● **Task directions**
Please repeat, from the entries that follow, the lines from the one containing "#72=VERTEX_POINT('',#71);" through the one containing "#80=VERTEX_POINT('',#79);" exactly, adding nothing.

● **Input for this task**
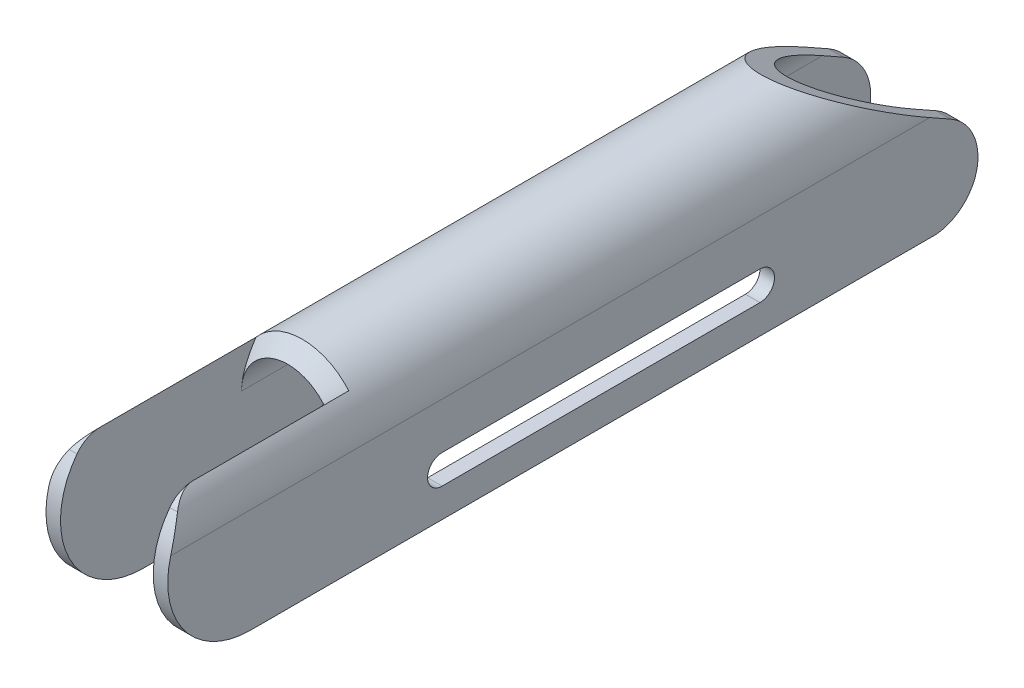
ISO-10303-21;
HEADER;
FILE_DESCRIPTION(('STEP AP214'),'2;1');
FILE_NAME('part.step','',(''),(''),'','','');
FILE_SCHEMA(('AUTOMOTIVE_DESIGN { 1 0 10303 214 1 1 1 1 }'));
ENDSEC;
DATA;
#1=APPLICATION_CONTEXT('core data for automotive mechanical design processes');
#2=APPLICATION_PROTOCOL_DEFINITION('international standard','automotive_design',2000,#1);
#3=PRODUCT_CONTEXT('',#1,'mechanical');
#4=PRODUCT('Part','Part','',(#3));
#5=PRODUCT_RELATED_PRODUCT_CATEGORY('part','',(#4));
#6=PRODUCT_DEFINITION_FORMATION('','',#4);
#7=PRODUCT_DEFINITION_CONTEXT('part definition',#1,'design');
#8=PRODUCT_DEFINITION('design','',#6,#7);
#9=PRODUCT_DEFINITION_SHAPE('','',#8);
#10=(LENGTH_UNIT() NAMED_UNIT(*) SI_UNIT(.MILLI.,.METRE.));
#11=(NAMED_UNIT(*) PLANE_ANGLE_UNIT() SI_UNIT($,.RADIAN.));
#12=(NAMED_UNIT(*) SI_UNIT($,.STERADIAN.) SOLID_ANGLE_UNIT());
#13=UNCERTAINTY_MEASURE_WITH_UNIT(LENGTH_MEASURE(1.E-05),#10,'distance_accuracy_value','');
#14=(GEOMETRIC_REPRESENTATION_CONTEXT(3) GLOBAL_UNCERTAINTY_ASSIGNED_CONTEXT((#13)) GLOBAL_UNIT_ASSIGNED_CONTEXT((#10,
#11,#12)) REPRESENTATION_CONTEXT('',''));
#15=CARTESIAN_POINT('',(0.,0.,0.));
#16=DIRECTION('',(0.,0.,1.));
#17=DIRECTION('',(1.,0.,0.));
#18=AXIS2_PLACEMENT_3D('',#15,#16,#17);
#19=CARTESIAN_POINT('',(0.,-7.50000000000001,-29.));
#20=DIRECTION('',(1.,0.,0.));
#21=DIRECTION('',(0.,1.,0.));
#22=AXIS2_PLACEMENT_3D('',#19,#20,#21);
#23=CYLINDRICAL_SURFACE('',#22,28.5);
#24=CARTESIAN_POINT('',(42.,0.,-1.50454583026493));
#25=CARTESIAN_POINT('',(42.0000078379844,0.281470430875846,-1.58131301805682));
#26=CARTESIAN_POINT('',(41.9943413318674,0.561740207267291,-1.66241637302954));
#27=CARTESIAN_POINT('',(41.9720066577336,1.11922274394459,-1.83303817373724));
#28=CARTESIAN_POINT('',(41.9553400441765,1.3964359305401,-1.92255542894493));
#29=CARTESIAN_POINT('',(41.9113797237989,1.9468821738609,-2.10965157391276));
#30=CARTESIAN_POINT('',(41.8840994447651,2.22011980888742,-2.20722015520436));
#31=CARTESIAN_POINT('',(41.819309776778,2.76241562024756,-2.41021454650773));
#32=CARTESIAN_POINT('',(41.7818000618385,3.03147366309939,-2.51564060683947));
#33=CARTESIAN_POINT('',(41.655331928854,3.82666973610311,-2.84120938033964));
#34=CARTESIAN_POINT('',(41.5519985119814,4.34609315288129,-3.07243830644598));
#35=CARTESIAN_POINT('',(41.3102299484671,5.36360743197751,-3.56190490619865));
#36=CARTESIAN_POINT('',(41.1717841069802,5.86169174051702,-3.82015079479918));
#37=CARTESIAN_POINT('',(40.8641394191691,6.83180401780029,-4.35946882580729));
#38=CARTESIAN_POINT('',(40.6951034497619,7.30395350367233,-4.64041590857864));
#39=CARTESIAN_POINT('',(40.3292172039968,8.22351884394188,-5.22359514287313));
#40=CARTESIAN_POINT('',(40.1323696194308,8.67093708616892,-5.52582523306799));
#41=CARTESIAN_POINT('',(39.7135032403053,9.54141885497119,-6.14988940163068));
#42=CARTESIAN_POINT('',(39.4914233646026,9.96441937585143,-6.47177013970007));
#43=CARTESIAN_POINT('',(39.0253876652276,10.7846170413226,-7.13221207385049));
#44=CARTESIAN_POINT('',(38.7814267605344,11.1818081555614,-7.47077713595265));
#45=CARTESIAN_POINT('',(38.1285666021884,12.1711864215096,-8.36127340563184));
#46=CARTESIAN_POINT('',(37.7054236615783,12.7443192799115,-8.92404905873861));
#47=CARTESIAN_POINT('',(36.8203708950797,13.8277090342549,-10.0789451296059));
#48=CARTESIAN_POINT('',(36.3584438011644,14.3379376708624,-10.6710785698923));
#49=CARTESIAN_POINT('',(35.4022717268348,15.2981857726764,-11.880134625509));
#50=CARTESIAN_POINT('',(34.9079644930189,15.748083870486,-12.497104057161));
#51=CARTESIAN_POINT('',(33.893976738655,16.5885199433872,-13.7500072652915));
#52=CARTESIAN_POINT('',(33.3742971804384,16.9790601675199,-14.3859403221548));
#53=CARTESIAN_POINT('',(32.1232867617891,17.8335413503409,-15.905293018601));
#54=CARTESIAN_POINT('',(31.3832185479532,18.2731563267866,-16.7952528643429));
#55=CARTESIAN_POINT('',(29.8752918749372,19.051229488021,-18.5959291787661));
#56=CARTESIAN_POINT('',(29.107420673625,19.3896406159593,-19.5066550919103));
#57=CARTESIAN_POINT('',(27.5534414852356,19.9684477790964,-21.3411372421391));
#58=CARTESIAN_POINT('',(26.7673594796596,20.2089753381149,-22.2648742571665));
#59=CARTESIAN_POINT('',(25.1832407905418,20.5952591794473,-24.1210218038153));
#60=CARTESIAN_POINT('',(24.385210839267,20.7410669187981,-25.053427346478));
#61=CARTESIAN_POINT('',(23.1582075958513,20.8932138760748,-26.4850037652716));
#62=CARTESIAN_POINT('',(22.7313279510348,20.9328891607137,-26.9826808363621));
#63=CARTESIAN_POINT('',(21.8769468586524,20.9860433475811,-27.9783847655471));
#64=CARTESIAN_POINT('',(21.4494460695991,20.9995408684445,-28.4764111228283));
#65=CARTESIAN_POINT('',(21.0146611411726,20.9999961612058,-28.9829202873666));
#66=CARTESIAN_POINT('',(21.0073305624724,20.9999999995566,-28.9914601531068));
#67=CARTESIAN_POINT('',(21.,21.,-29.));
#68=B_SPLINE_CURVE_WITH_KNOTS('',3,(#24,#25,#26,#27,#28,#29,#30,#31,#32,#33,#34,#35,#36,#37,#38,
#39,#40,#41,#42,#43,#44,#45,#46,#47,#48,#49,#50,#51,#52,#53,#54,#55,#56,#57,#58,#59,#60,#61,#62,
#63,#64,#65,#66,#67),.UNSPECIFIED.,.F.,.F.,(4,2,2,2,2,2,2,2,2,2,2,2,2,2,2,2,2,2,2,2,2,4),(0.,
0.875137417471462,1.75015119299242,2.62406153347569,3.49799972650496,5.22920387958742,
6.96093597237464,8.68370514364832,10.4063076880212,12.1331728345623,13.8604400219594,
16.5799329245868,19.3006431249376,22.0267470178365,24.7527475942157,28.461893447742,
32.1727612744409,35.8786263008895,39.5824764094682,41.5526850445835,43.5214918767296,
43.5552557647255),.UNSPECIFIED.);
#69=CARTESIAN_POINT('',(39.6760943348516,9.60226537832217,-6.20169920960243));
#70=VERTEX_POINT('',#69);
#71=CARTESIAN_POINT('',(42.,0.,-1.50454583026496));
#72=VERTEX_POINT('',#71);
#73=EDGE_CURVE('E386',#70,#72,#68,.F.);
#74=ORIENTED_EDGE('',*,*,#73,.F.);
#75=DIRECTION('',(-1.,0.,0.));
#76=VECTOR('',#75,1.);
#77=CARTESIAN_POINT('',(42.,9.60226537832218,-6.20169920960243));
#78=LINE('',#77,#76);
#79=CARTESIAN_POINT('',(37.,9.60226537832218,-6.20169920960243));
#80=VERTEX_POINT('',#79);
#81=EDGE_CURVE('E283',#70,#80,#78,.T.);
#82=ORIENTED_EDGE('',*,*,#81,.T.);
#83=CARTESIAN_POINT('',(37.,-7.5,-29.));
#84=DIRECTION('',(1.,0.,0.));
#85=DIRECTION('',(0.,0.,-1.));
#86=AXIS2_PLACEMENT_3D('',#83,#84,#85);
#87=CIRCLE('',#86,28.5);
#88=CARTESIAN_POINT('',(37.,-36.,-29.));
#89=VERTEX_POINT('',#88);
#90=EDGE_CURVE('E460',#89,#80,#87,.F.);
#91=ORIENTED_EDGE('',*,*,#90,.F.);
#92=DIRECTION('',(1.,0.,0.));
#93=VECTOR('',#92,1.);
#94=CARTESIAN_POINT('',(0.,-36.,-29.));
#95=LINE('',#94,#93);
#96=CARTESIAN_POINT('',(42.,-36.,-29.));
#97=VERTEX_POINT('',#96);
#98=EDGE_CURVE('E380',#89,#97,#95,.T.);
#99=ORIENTED_EDGE('',*,*,#98,.T.);
#100=CARTESIAN_POINT('',(42.,-7.5,-29.));
#101=DIRECTION('',(1.,0.,0.));
#102=DIRECTION('',(0.,1.,0.));
#103=AXIS2_PLACEMENT_3D('',#100,#101,#102);
#104=CIRCLE('',#103,28.5);
#105=EDGE_CURVE('E371',#72,#97,#104,.T.);
#106=ORIENTED_EDGE('',*,*,#105,.F.);
#107=EDGE_LOOP('',(#74,#82,#91,#99,#106));
#108=FACE_BOUND('',#107,.T.);
#109=ADVANCED_FACE('F57',(#108),#23,.T.);
#110=CARTESIAN_POINT('',(37.,0.,-0.5));
#111=DIRECTION('',(1.,0.,0.));
#112=DIRECTION('',(0.,0.,-1.));
#113=AXIS2_PLACEMENT_3D('',#110,#111,#112);
#114=PLANE('',#113);
#115=DIRECTION('',(0.,0.,-1.));
#116=VECTOR('',#115,1.);
#117=CARTESIAN_POINT('',(37.,-25.9821866375263,-0.5));
#118=LINE('',#117,#116);
#119=CARTESIAN_POINT('',(37.,-25.9821866375263,-95.14093430841));
#120=VERTEX_POINT('',#119);
#121=CARTESIAN_POINT('',(37.,-25.9821866375263,-204.781024531025));
#122=VERTEX_POINT('',#121);
#123=EDGE_CURVE('E267',#120,#122,#118,.T.);
#124=ORIENTED_EDGE('',*,*,#123,.T.);
#125=CARTESIAN_POINT('',(37.,-20.9700682273497,-204.781024531025));
#126=DIRECTION('',(1.,0.,0.));
#127=DIRECTION('',(0.,0.,-1.));
#128=AXIS2_PLACEMENT_3D('',#125,#126,#127);
#129=CIRCLE('',#128,5.01211841017668);
#130=CARTESIAN_POINT('',(37.,-15.957949817173,-204.781024531025));
#131=VERTEX_POINT('',#130);
#132=EDGE_CURVE('E225',#122,#131,#129,.T.);
#133=ORIENTED_EDGE('',*,*,#132,.T.);
#134=DIRECTION('',(0.,0.,-1.));
#135=VECTOR('',#134,1.);
#136=CARTESIAN_POINT('',(37.,-15.957949817173,-0.5));
#137=LINE('',#136,#135);
#138=CARTESIAN_POINT('',(37.,-15.957949817173,-95.14093430841));
#139=VERTEX_POINT('',#138);
#140=EDGE_CURVE('E277',#139,#131,#137,.T.);
#141=ORIENTED_EDGE('',*,*,#140,.F.);
#142=CARTESIAN_POINT('',(37.,-20.9700682273497,-95.14093430841));
#143=DIRECTION('',(1.,0.,0.));
#144=DIRECTION('',(0.,0.,-1.));
#145=AXIS2_PLACEMENT_3D('',#142,#143,#144);
#146=CIRCLE('',#145,5.01211841017668);
#147=EDGE_CURVE('E272',#139,#120,#146,.T.);
#148=ORIENTED_EDGE('',*,*,#147,.T.);
#149=EDGE_LOOP('',(#124,#133,#141,#148));
#150=FACE_BOUND('',#149,.T.);
#151=CARTESIAN_POINT('',(37.,3.60147050873545,-14.2011029957068));
#152=DIRECTION('',(1.,0.,0.));
#153=DIRECTION('',(0.,0.,-1.));
#154=AXIS2_PLACEMENT_3D('',#151,#152,#153);
#155=CIRCLE('',#154,10.);
#156=CARTESIAN_POINT('',(37.,13.6014705087355,-14.2011029957068));
#157=VERTEX_POINT('',#156);
#158=EDGE_CURVE('E318',#157,#80,#155,.T.);
#159=ORIENTED_EDGE('',*,*,#158,.F.);
#160=DIRECTION('',(0.,0.,1.));
#161=VECTOR('',#160,1.);
#162=CARTESIAN_POINT('',(37.,13.6014705087354,-280.));
#163=LINE('',#162,#161);
#164=CARTESIAN_POINT('',(37.,13.6014705087354,-67.9421378990617));
#165=VERTEX_POINT('',#164);
#166=EDGE_CURVE('E323',#157,#165,#163,.F.);
#167=ORIENTED_EDGE('',*,*,#166,.T.);
#168=CARTESIAN_POINT('',(37.,13.6014705087354,-67.9421378990617));
#169=CARTESIAN_POINT('',(37.,13.263718050929,-67.723419434942));
#170=CARTESIAN_POINT('',(37.,12.9238178955374,-67.507962041322));
#171=CARTESIAN_POINT('',(37.,12.2391410477654,-67.0847220094933));
#172=CARTESIAN_POINT('',(37.,11.8943629618573,-66.876941628283));
#173=CARTESIAN_POINT('',(37.,11.197840655012,-66.4693395300177));
#174=CARTESIAN_POINT('',(37.,10.8460705509863,-66.2695618749321));
#175=CARTESIAN_POINT('',(37.,10.1367444516397,-65.8806063789175));
#176=CARTESIAN_POINT('',(37.,9.77918895601471,-65.6914276287719));
#177=CARTESIAN_POINT('',(37.,9.06890906215404,-65.3311128584169));
#178=CARTESIAN_POINT('',(37.,8.71637729146691,-65.1595997599552));
#179=CARTESIAN_POINT('',(37.,8.00503153134776,-64.8301536421173));
#180=CARTESIAN_POINT('',(37.,7.64621695598859,-64.6722218975288));
#181=CARTESIAN_POINT('',(37.,6.56114402741744,-64.222645529841));
#182=CARTESIAN_POINT('',(37.,5.82471260692834,-63.9544161610302));
#183=CARTESIAN_POINT('',(37.,4.66796143282101,-63.6046342050249));
#184=CARTESIAN_POINT('',(37.,4.25642521324329,-63.4936989703165));
#185=CARTESIAN_POINT('',(37.,3.42668837391906,-63.3000015297154));
#186=CARTESIAN_POINT('',(37.,3.00848877864559,-63.2172350358956));
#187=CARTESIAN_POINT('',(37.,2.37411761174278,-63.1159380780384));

● **Result**
#72=VERTEX_POINT('',#71);
#73=EDGE_CURVE('E386',#70,#72,#68,.F.);
#74=ORIENTED_EDGE('',*,*,#73,.F.);
#75=DIRECTION('',(-1.,0.,0.));
#76=VECTOR('',#75,1.);
#77=CARTESIAN_POINT('',(42.,9.60226537832218,-6.20169920960243));
#78=LINE('',#77,#76);
#79=CARTESIAN_POINT('',(37.,9.60226537832218,-6.20169920960243));
#80=VERTEX_POINT('',#79);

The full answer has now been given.